Broken promise: Philippines Duterte vetoes bill on short-term contracts

FAN Editor
FILE PHOTO: Philippine President Rodrigo Duterte gestures during his fourth State of the Nation Address at the Philippine Congress in Quezon City
FILE PHOTO: Philippine President Rodrigo Duterte gestures during his fourth State of the Nation Address at the Philippine Congress in Quezon City, Metro Manila, Philippines July 22, 2019. REUTERS/Eloisa Lopez/File Photo

July 26, 2019

MANILA (Reuters) – Philippine President Rodrigo Duterte has vetoed a measure that would have ended companies’ practice of hiring workers on short-term contracts, his spokesman said on Friday, reneging on a campaign promise that helped put him in office.

Philippine law lets employers hire workers to meet demand at peak times by using contracts that run five months, to avoid a six-month rule that requires employers to give them permanent job status and provide health and other benefits.

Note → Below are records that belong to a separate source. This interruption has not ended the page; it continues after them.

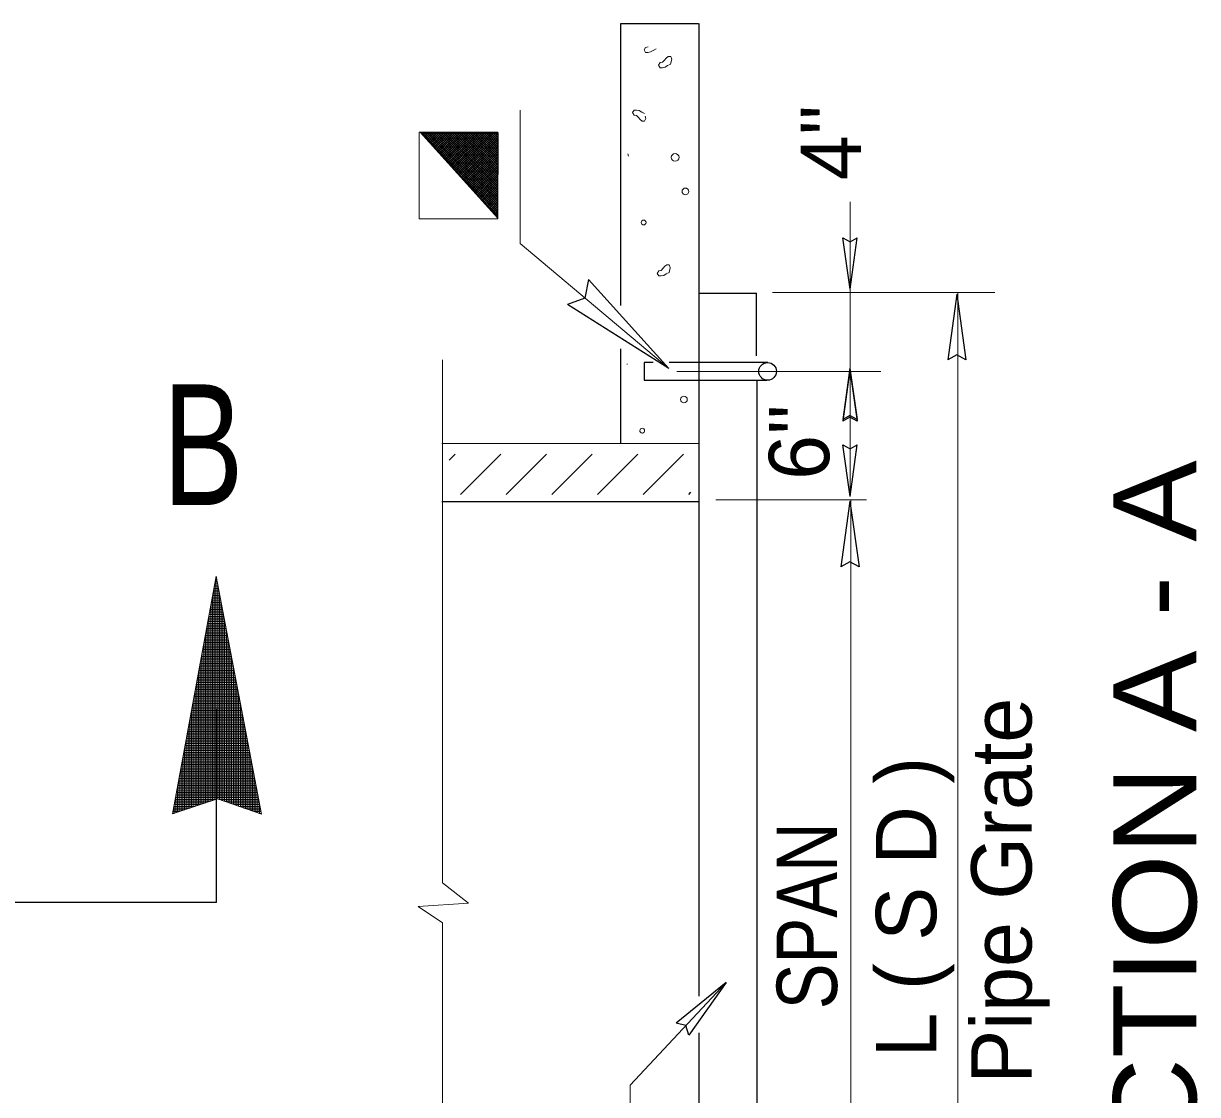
# Model space of a CAD drawing. Extents: x -48 to 552, y -178 to 186.
# Drawn here: x 333.15 to 353.61, y -96.82 to -78.15 of the extents above; entities that cross this region are included whole.
import ezdxf

# ---------------------------------------------------------------- set-up
doc = ezdxf.new("R2010")
doc.units = 0
doc.header["$LTSCALE"] = 0.45
doc.layers.add('1', color=7, linetype='Continuous', lineweight=25)
doc.layers.add('15', color=7, linetype='Continuous', lineweight=13)

msp = doc.modelspace()

# ---------------------------------------------------------------- linework, layer by layer
at = {"layer": '1'}
for p, q in [((343.561, -78.1529), (344.9114, -78.1529)), ((343.561, -83.0656), (343.561, -78.1529)), ((344.9245, -95.1058), (344.9245, -78.1529)), ((341.4145, -81.5452), (340.0618, -80.0483)), ((341.4116, -81.3706), (340.0974, -80.056)), ((340.1162, -80.056), (340.0995, -80.0722)), ((340.1564, -80.056), (340.1185, -80.0931)), ((341.4116, -81.3308), (340.1374, -80.056)), ((340.1957, -80.056), (340.1378, -80.1146)), ((340.2353, -80.056), (340.1564, -80.1354)), ((340.2752, -80.056), (340.1756, -80.156)), ((341.4116, -81.2908), (340.1766, -80.056)), ((340.3148, -80.056), (340.1941, -80.1768)), ((340.3543, -80.056), (340.2135, -80.1977)), ((341.4118, -81.2518), (340.216, -80.056)), ((340.3943, -80.056), (340.232, -80.2183)), ((340.4345, -80.056), (340.2512, -80.2396)), ((341.4118, -81.2117), (340.2566, -80.056)), ((340.4743, -80.056), (340.2703, -80.2602)), ((340.5141, -80.056), (340.2887, -80.2817)), ((341.412, -81.1725), (340.2962, -80.056)), ((340.5535, -80.056), (340.3078, -80.3021)), ((340.5935, -80.056), (340.3268, -80.3222)), ((341.412, -81.1322), (340.3357, -80.056)), ((340.6328, -80.056), (340.346, -80.3439)), ((340.6728, -80.056), (340.3645, -80.3652)), ((341.412, -81.0933), (340.3753, -80.056)), ((340.7128, -80.056), (340.3831, -80.385)), ((340.7523, -80.056), (340.4028, -80.4067)), ((341.412, -81.0537), (340.4152, -80.056)), ((340.7922, -80.056), (340.4218, -80.4268)), ((340.832, -80.056), (340.4407, -80.4475)), ((341.412, -81.0135), (340.4553, -80.056)), ((340.8716, -80.056), (340.4591, -80.4685)), ((340.9116, -80.056), (340.4787, -80.4893)), ((341.412, -80.9739), (340.4949, -80.056)), ((340.9512, -80.056), (340.4974, -80.5104)), ((340.9918, -80.056), (340.5164, -80.5312)), ((341.412, -80.9339), (340.5345, -80.056)), ((341.0312, -80.056), (340.5353, -80.5521)), ((341.0706, -80.056), (340.5543, -80.5731)), ((341.1103, -80.056), (340.5728, -80.5938)), ((341.4124, -80.8943), (340.5749, -80.056)), ((341.1503, -80.056), (340.592, -80.6142)), ((341.1902, -80.056), (340.611, -80.636)), ((341.4124, -80.855), (340.6139, -80.056)), ((341.2297, -80.056), (340.6299, -80.6562)), ((341.2697, -80.056), (340.6485, -80.6771)), ((341.4133, -80.8154), (340.6543, -80.056)), ((341.3095, -80.056), (340.6678, -80.6985)), ((341.3491, -80.056), (340.6868, -80.7188)), ((341.4133, -80.7756), (340.6939, -80.056)), ((341.3885, -80.056), (340.7053, -80.7406)), ((341.4156, -80.0696), (340.7243, -80.7608)), ((341.4133, -80.736), (340.7337, -80.056)), ((341.4145, -80.11), (340.7437, -80.7812)), ((341.4145, -80.1496), (340.7618, -80.8027)), ((341.4133, -80.6968), (340.7737, -80.056)), ((341.4145, -80.1889), (340.781, -80.8229)), ((341.4133, -80.6568), (340.8131, -80.056)), ((341.4137, -80.6175), (340.8533, -80.056)), ((341.4137, -80.5775), (340.8931, -80.056)), ((341.4141, -80.5377), (340.9327, -80.056)), ((341.4141, -80.4977), (340.9724, -80.056)), ((341.4141, -80.4583), (341.012, -80.056)), ((341.4141, -80.4185), (341.0518, -80.056)), ((341.4141, -80.3792), (341.0914, -80.056)), ((341.4145, -80.3392), (341.1314, -80.056)), ((341.4145, -80.2998), (341.1712, -80.056)), ((341.4145, -80.2602), (341.2112, -80.056)), ((341.4145, -80.2208), (341.2502, -80.056)), ((341.4145, -80.1812), (341.2903, -80.056)), ((341.4145, -80.1408), (341.3302, -80.056)), ((341.4156, -80.1012), (341.3698, -80.056)), ((341.4156, -80.0618), (341.4102, -80.056)), ((341.4103, -81.4106), (340.3574, -80.356)), ((341.4145, -80.2293), (340.8003, -80.8442)), ((341.4145, -80.2693), (340.8193, -80.865)), ((341.4145, -80.3092), (340.8381, -80.8858)), ((341.4145, -80.3493), (340.8564, -80.9072)), ((341.4141, -80.3888), (340.8757, -80.9271)), ((341.4141, -80.4285), (340.8952, -80.9483)), ((341.4141, -80.4685), (340.9133, -80.9693)), ((341.4141, -80.5089), (340.9327, -80.99)), ((341.4141, -80.5487), (340.9514, -81.0113)), ((341.4137, -80.5889), (340.9708, -81.0321)), ((341.4103, -81.4496), (340.7482, -80.7867)), ((341.4137, -80.6287), (340.9893, -81.0527)), ((341.4133, -80.6681), (341.0082, -81.0731)), ((341.4133, -80.7077), (341.0272, -81.0942)), ((341.4133, -80.7479), (341.046, -81.1152)), ((341.4133, -80.7879), (341.0649, -81.1364)), ((341.4133, -80.8272), (341.0837, -81.1571)), ((341.4124, -80.8681), (341.1027, -81.1779)), ((341.4124, -80.9079), (341.1216, -81.1985)), ((341.412, -80.9475), (341.1407, -81.2197)), ((341.412, -80.9875), (341.1593, -81.2406)), ((341.412, -81.0277), (341.1787, -81.2613)), ((341.4103, -81.4893), (341.1385, -81.2175)), ((341.412, -81.0673), (341.1977, -81.2822)), ((341.412, -81.1072), (341.2164, -81.3025)), ((341.412, -81.1472), (341.2349, -81.3238)), ((341.412, -81.1867), (341.2543, -81.3447)), ((341.4118, -81.2271), (341.2731, -81.3656)), ((341.4118, -81.2667), (341.2918, -81.3864)), ((341.4116, -81.3064), (341.3106, -81.4072)), ((341.4116, -81.3467), (341.3297, -81.4275)), ((341.4103, -81.3868), (341.3487, -81.4481)), ((341.4103, -81.4262), (341.3673, -81.4696)), ((341.4103, -81.4664), (341.3866, -81.4908)), ((341.4103, -81.506), (341.4053, -81.5114)), ((347.5543, -82.7827), (347.4314, -81.8872)), ((347.5543, -82.7827), (347.6778, -81.8872)), ((344.3949, -84.1664), (342.9962, -82.6162)), ((344.9245, -82.8518), (345.9239, -82.8518)), ((345.9239, -83.9418), (345.9239, -82.8518)), ((349.417, -82.8675), (349.2587, -84.0168)), ((349.417, -82.8675), (349.5756, -84.0168)), ((344.3949, -84.1664), (342.6295, -83.051)), ((343.561, -85.47), (343.561, -83.8225)), ((346.1243, -84.0613), (344.4052, -84.0613)), ((347.5537, -84.1571), (347.4302, -85.0537)), ((347.5537, -84.1893), (347.4302, -85.0858)), ((347.5537, -84.1571), (347.6773, -85.0537)), ((347.5537, -84.1893), (347.6773, -85.0858)), ((345.937, -101.6664), (345.937, -84.3687)), ((347.5543, -86.3943), (347.4314, -85.4977)), ((347.5543, -86.3943), (347.6778, -85.4977)), ((344.7437, -86.3588), (344.7802, -86.3229)), ((340.4391, -86.4825), (344.9114, -86.4825)), ((347.5537, -86.475), (347.3949, -87.6243)), ((347.5537, -86.475), (347.7114, -87.6243)), ((336.5112, -93.4717), (336.5112, -90.1054)), ((336.5112, -93.4717), (329.1637, -93.4717)), ((345.3943, -94.8664), (344.5239, -95.5735)), ((345.3943, -94.8664), (344.747, -95.7821)), ((344.9245, -108.6287), (344.9245, -95.7429))]:
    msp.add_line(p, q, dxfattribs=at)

“Security Tenure Bill vetoed by the president,” the spokesman, Salvador Panelo, told reporters via a messaging app, but did not elaborate on why Duterte threw out the bill, which he had called urgent in September.

Without the veto, the bill would have become law on Saturday. To override Dueterte’s veto requires a two-thirds vote of the members of each house of Congress.

Labor groups said Duterte risked losing his political capital for turning away from the workers.

“It really hurts us because this is the president’s campaign promise,” Alan Tanjusay, a spokesman of the Associated Labor Unions-Trade Union Congress of the Philippines, the country’s biggest such grouping, told news channel ANC.

“‘He said, “I need a law to address contractualization”, and now that there is a law, he vetoed the bill’,” Tanjusay added.

Both house of Congress had overwhelmingly approved the measure, despite warnings by employers’ groups and business chambers that it could do the Philippine economy more harm than good in the long term.

Not only will it raise business costs, limiting the number of people they can hired, but they said the bill would drive away investors at a time when the Philippines seeks to attract foreign capital to boost economic growth and create jobs.

Foreign direct investment of $9.8 billion into the Philippines last year is dwarfed by rivals such as Thailand and Indonesia, and the government is eager to boost the figure by slashing red tape and overhauling infrastructure.

“The passage of the bill could have a negative impact to the Philippine economy and to the workers whom the bill aims to protect”, more than a dozen business groups, including foreign business chambers, said in a joint statement this month.

“The bill impinges on management prerogatives anchored on the constitution, and it excludes contract workers hired by government agencies,” they added.